Grant moves swiftly, threading his fingers into my hair and slamming my head down into the railing. I cry out and try to pull away, but he holds fast. He slams me into the railing again and again, until I can barely see, and my ears are ringing.

Grant shoves me to the floor of the elevator, and I can’t even push myself up. My arms shake, and I feel like I’m about to hurl.

With a grunt, Grant hits his knees behind me, between my legs. Then he grabs my hip to turn me enough to get to the button on my jeans.

My head clears slowly as I hear my zipper coming undone.

“No.” I kick out with my leg, and Grant punches my lower back. I cry out but kick again and dig my elbows into the floor of the elevator, trying to get some purchase to pull myself away from him.

He grabs the waistband of my jeans as I move, tugging them down to rest on my thighs.

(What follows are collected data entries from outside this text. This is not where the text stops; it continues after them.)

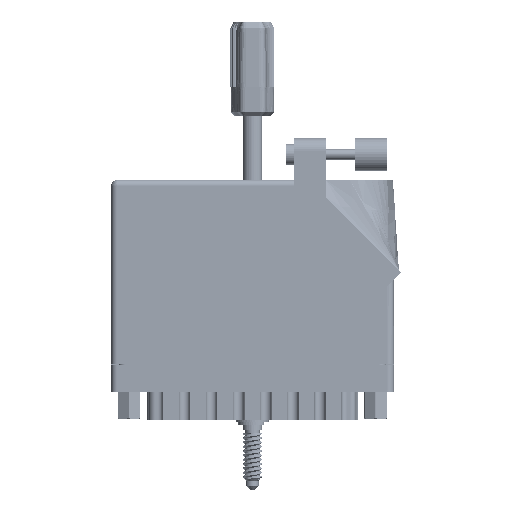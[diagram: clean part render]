
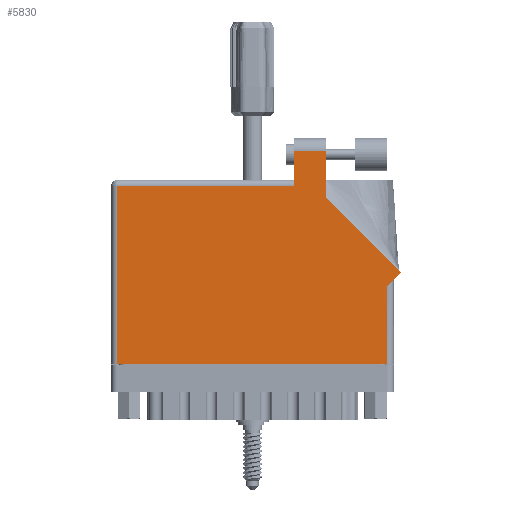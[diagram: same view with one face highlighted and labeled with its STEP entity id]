
A CAD part, front view. The second image highlights one B-rep face of the part: STEP entity #5830.
In plain terms, the highlighted face is planar.
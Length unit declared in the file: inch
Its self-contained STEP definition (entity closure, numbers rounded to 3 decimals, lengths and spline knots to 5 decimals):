
#1042 = CARTESIAN_POINT ( 'NONE',  ( 0.062, 1.713, 0. ) ) ;
#1467 = CARTESIAN_POINT ( 'NONE',  ( 2.656, 0.753, 0. ) ) ;
#4962 = VERTEX_POINT ( 'NONE', #92604 ) ;
#5143 = VECTOR ( 'NONE', #90306, 39.37008 ) ;
#5830 = ADVANCED_FACE ( 'NONE', ( #97885 ), #44761, .F. ) ;
#6652 = DIRECTION ( 'NONE',  ( -1., 0., 0. ) ) ;
#8380 = DIRECTION ( 'NONE',  ( 0., -1., 0. ) ) ;
#8386 = EDGE_CURVE ( 'NONE', #74207, #76537, #14299, .T. ) ;
#9235 = VERTEX_POINT ( 'NONE', #50711 ) ;
#14299 = LINE ( 'NONE', #83471, #80406 ) ;
#17983 = DIRECTION ( 'NONE',  ( 1., 0., 0. ) ) ;
#18563 = LINE ( 'NONE', #25129, #83155 ) ;
#19224 = ORIENTED_EDGE ( 'NONE', *, *, #61404, .T. ) ;
#22686 = CARTESIAN_POINT ( 'NONE',  ( 0., 1.775, 0. ) ) ;
#24031 = VERTEX_POINT ( 'NONE', #25867 ) ;
#25129 = CARTESIAN_POINT ( 'NONE',  ( 2.718, 0.815, 0. ) ) ;
#25865 = VECTOR ( 'NONE', #8380, 39.37008 ) ;
#25867 = CARTESIAN_POINT ( 'NONE',  ( 1.758, 1.713, 0. ) ) ;
#26709 = VERTEX_POINT ( 'NONE', #1467 ) ;
#28286 = EDGE_CURVE ( 'NONE', #24031, #73689, #97810, .T. ) ;
#28340 = AXIS2_PLACEMENT_3D ( 'NONE', #22686, #90373, #6652 ) ;
#32549 = CARTESIAN_POINT ( 'NONE',  ( 0., 0., 0. ) ) ;
#35699 = EDGE_CURVE ( 'NONE', #73689, #53899, #95459, .T. ) ;
#38861 = DIRECTION ( 'NONE',  ( 0., 1., 0. ) ) ;
#41326 = DIRECTION ( 'NONE',  ( -1., 0., 0. ) ) ;
#44761 = PLANE ( 'NONE',  #28340 ) ;
#47093 = LINE ( 'NONE', #32549, #81701 ) ;
#47654 = CARTESIAN_POINT ( 'NONE',  ( 2.78871, 0.88571, 0. ) ) ;
#50711 = CARTESIAN_POINT ( 'NONE',  ( 2.656, 0., 0. ) ) ;
#51724 = DIRECTION ( 'NONE',  ( -1., 0., 0. ) ) ;
#52725 = CARTESIAN_POINT ( 'NONE',  ( 2.656, 0.815, 0. ) ) ;
#53899 = VERTEX_POINT ( 'NONE', #75512 ) ;
#54252 = ORIENTED_EDGE ( 'NONE', *, *, #73901, .T. ) ;
#56187 = DIRECTION ( 'NONE',  ( -0.707, 0.707, 0. ) ) ;
#56273 = CARTESIAN_POINT ( 'NONE',  ( 2.065, 2.05, 0. ) ) ;
#57054 = CARTESIAN_POINT ( 'NONE',  ( 2.065, 1.60942, 0. ) ) ;
#61404 = EDGE_CURVE ( 'NONE', #26709, #96996, #18563, .T. ) ;
#61644 = ORIENTED_EDGE ( 'NONE', *, *, #83005, .T. ) ;
#62429 = CARTESIAN_POINT ( 'NONE',  ( 1.758, 2.05, 0. ) ) ;
#64948 = VECTOR ( 'NONE', #65402, 39.37008 ) ;
#65064 = EDGE_CURVE ( 'NONE', #4962, #24031, #92605, .T. ) ;
#65402 = DIRECTION ( 'NONE',  ( 0., -1., 0. ) ) ;
#68068 = CARTESIAN_POINT ( 'NONE',  ( 1.758, 1.775, 0. ) ) ;
#68975 = ORIENTED_EDGE ( 'NONE', *, *, #28286, .T. ) ;
#69177 = EDGE_CURVE ( 'NONE', #53899, #9235, #47093, .T. ) ;
#71343 = ORIENTED_EDGE ( 'NONE', *, *, #88919, .T. ) ;
#73689 = VERTEX_POINT ( 'NONE', #1042 ) ;
#73901 = EDGE_CURVE ( 'NONE', #96996, #74207, #86718, .T. ) ;
#74207 = VERTEX_POINT ( 'NONE', #57054 ) ;
#74537 = VECTOR ( 'NONE', #41326, 39.37008 ) ;
#75512 = CARTESIAN_POINT ( 'NONE',  ( 0.062, 0., 0. ) ) ;
#75518 = ORIENTED_EDGE ( 'NONE', *, *, #65064, .T. ) ;
#76537 = VERTEX_POINT ( 'NONE', #56273 ) ;
#76886 = VECTOR ( 'NONE', #51724, 39.37008 ) ;
#77432 = EDGE_LOOP ( 'NONE', ( #86044, #71343, #75518, #68975, #95019, #89928, #61644, #19224, #54252 ) ) ;
#78905 = LINE ( 'NONE', #62429, #74537 ) ;
#79210 = DIRECTION ( 'NONE',  ( 0.707, 0.707, 0. ) ) ;
#80406 = VECTOR ( 'NONE', #38861, 39.37008 ) ;
#81701 = VECTOR ( 'NONE', #17983, 39.37008 ) ;
#82277 = CARTESIAN_POINT ( 'NONE',  ( 0., 1.713, 0. ) ) ;
#83005 = EDGE_CURVE ( 'NONE', #9235, #26709, #97821, .T. ) ;
#83155 = VECTOR ( 'NONE', #79210, 39.37008 ) ;
#83471 = CARTESIAN_POINT ( 'NONE',  ( 2.065, 1.60942, 0. ) ) ;
#83721 = VECTOR ( 'NONE', #56187, 39.37008 ) ;
#86044 = ORIENTED_EDGE ( 'NONE', *, *, #8386, .T. ) ;
#86718 = LINE ( 'NONE', #47654, #83721 ) ;
#87441 = CARTESIAN_POINT ( 'NONE',  ( 0.062, 0., 0. ) ) ;
#88919 = EDGE_CURVE ( 'NONE', #76537, #4962, #78905, .T. ) ;
#89928 = ORIENTED_EDGE ( 'NONE', *, *, #69177, .T. ) ;
#90306 = DIRECTION ( 'NONE',  ( 0., 1., 0. ) ) ;
#90373 = DIRECTION ( 'NONE',  ( 0., 0., -1. ) ) ;
#92604 = CARTESIAN_POINT ( 'NONE',  ( 1.758, 2.05, 0. ) ) ;
#92605 = LINE ( 'NONE', #68068, #25865 ) ;
#94047 = CARTESIAN_POINT ( 'NONE',  ( 2.78871, 0.88571, 0. ) ) ;
#95019 = ORIENTED_EDGE ( 'NONE', *, *, #35699, .T. ) ;
#95459 = LINE ( 'NONE', #87441, #64948 ) ;
#96996 = VERTEX_POINT ( 'NONE', #94047 ) ;
#97810 = LINE ( 'NONE', #82277, #76886 ) ;
#97821 = LINE ( 'NONE', #52725, #5143 ) ;
#97885 = FACE_OUTER_BOUND ( 'NONE', #77432, .T. ) ;

Cold air blows across my skin, and I shiver.

“Who the fuck do you think you are, boy?” Grant demands, his voice a growl.

I don’t answer. I have no idea who I am. All I know is I want to be back in the safety of Max’s apartment. I want this to be over. I need to get the hell out of here. I just need to survive this.

I try to focus on my breathing, on the feel of the carpet under my fingers. I used to do this before, concentrate on the sound of the clock ticking or the light shining in through a window. Something to ground me.

But this time, I don’t let myself disappear. I hear it when my phone chirps with an alarm, feel it vibrate in my hand. I’m supposed to be meeting Anastasia. And then, I get to see Max.

I get to see his gentle smile and feel his hands on me. I get to watch as he shudders beneath me. I get to fall a little bit in love with him.

Grant’s trying to work a hand inside me, and my mind snaps. I can’t live like this anymore. Iwon’tlive like this anymore. I’m not that kid anymore.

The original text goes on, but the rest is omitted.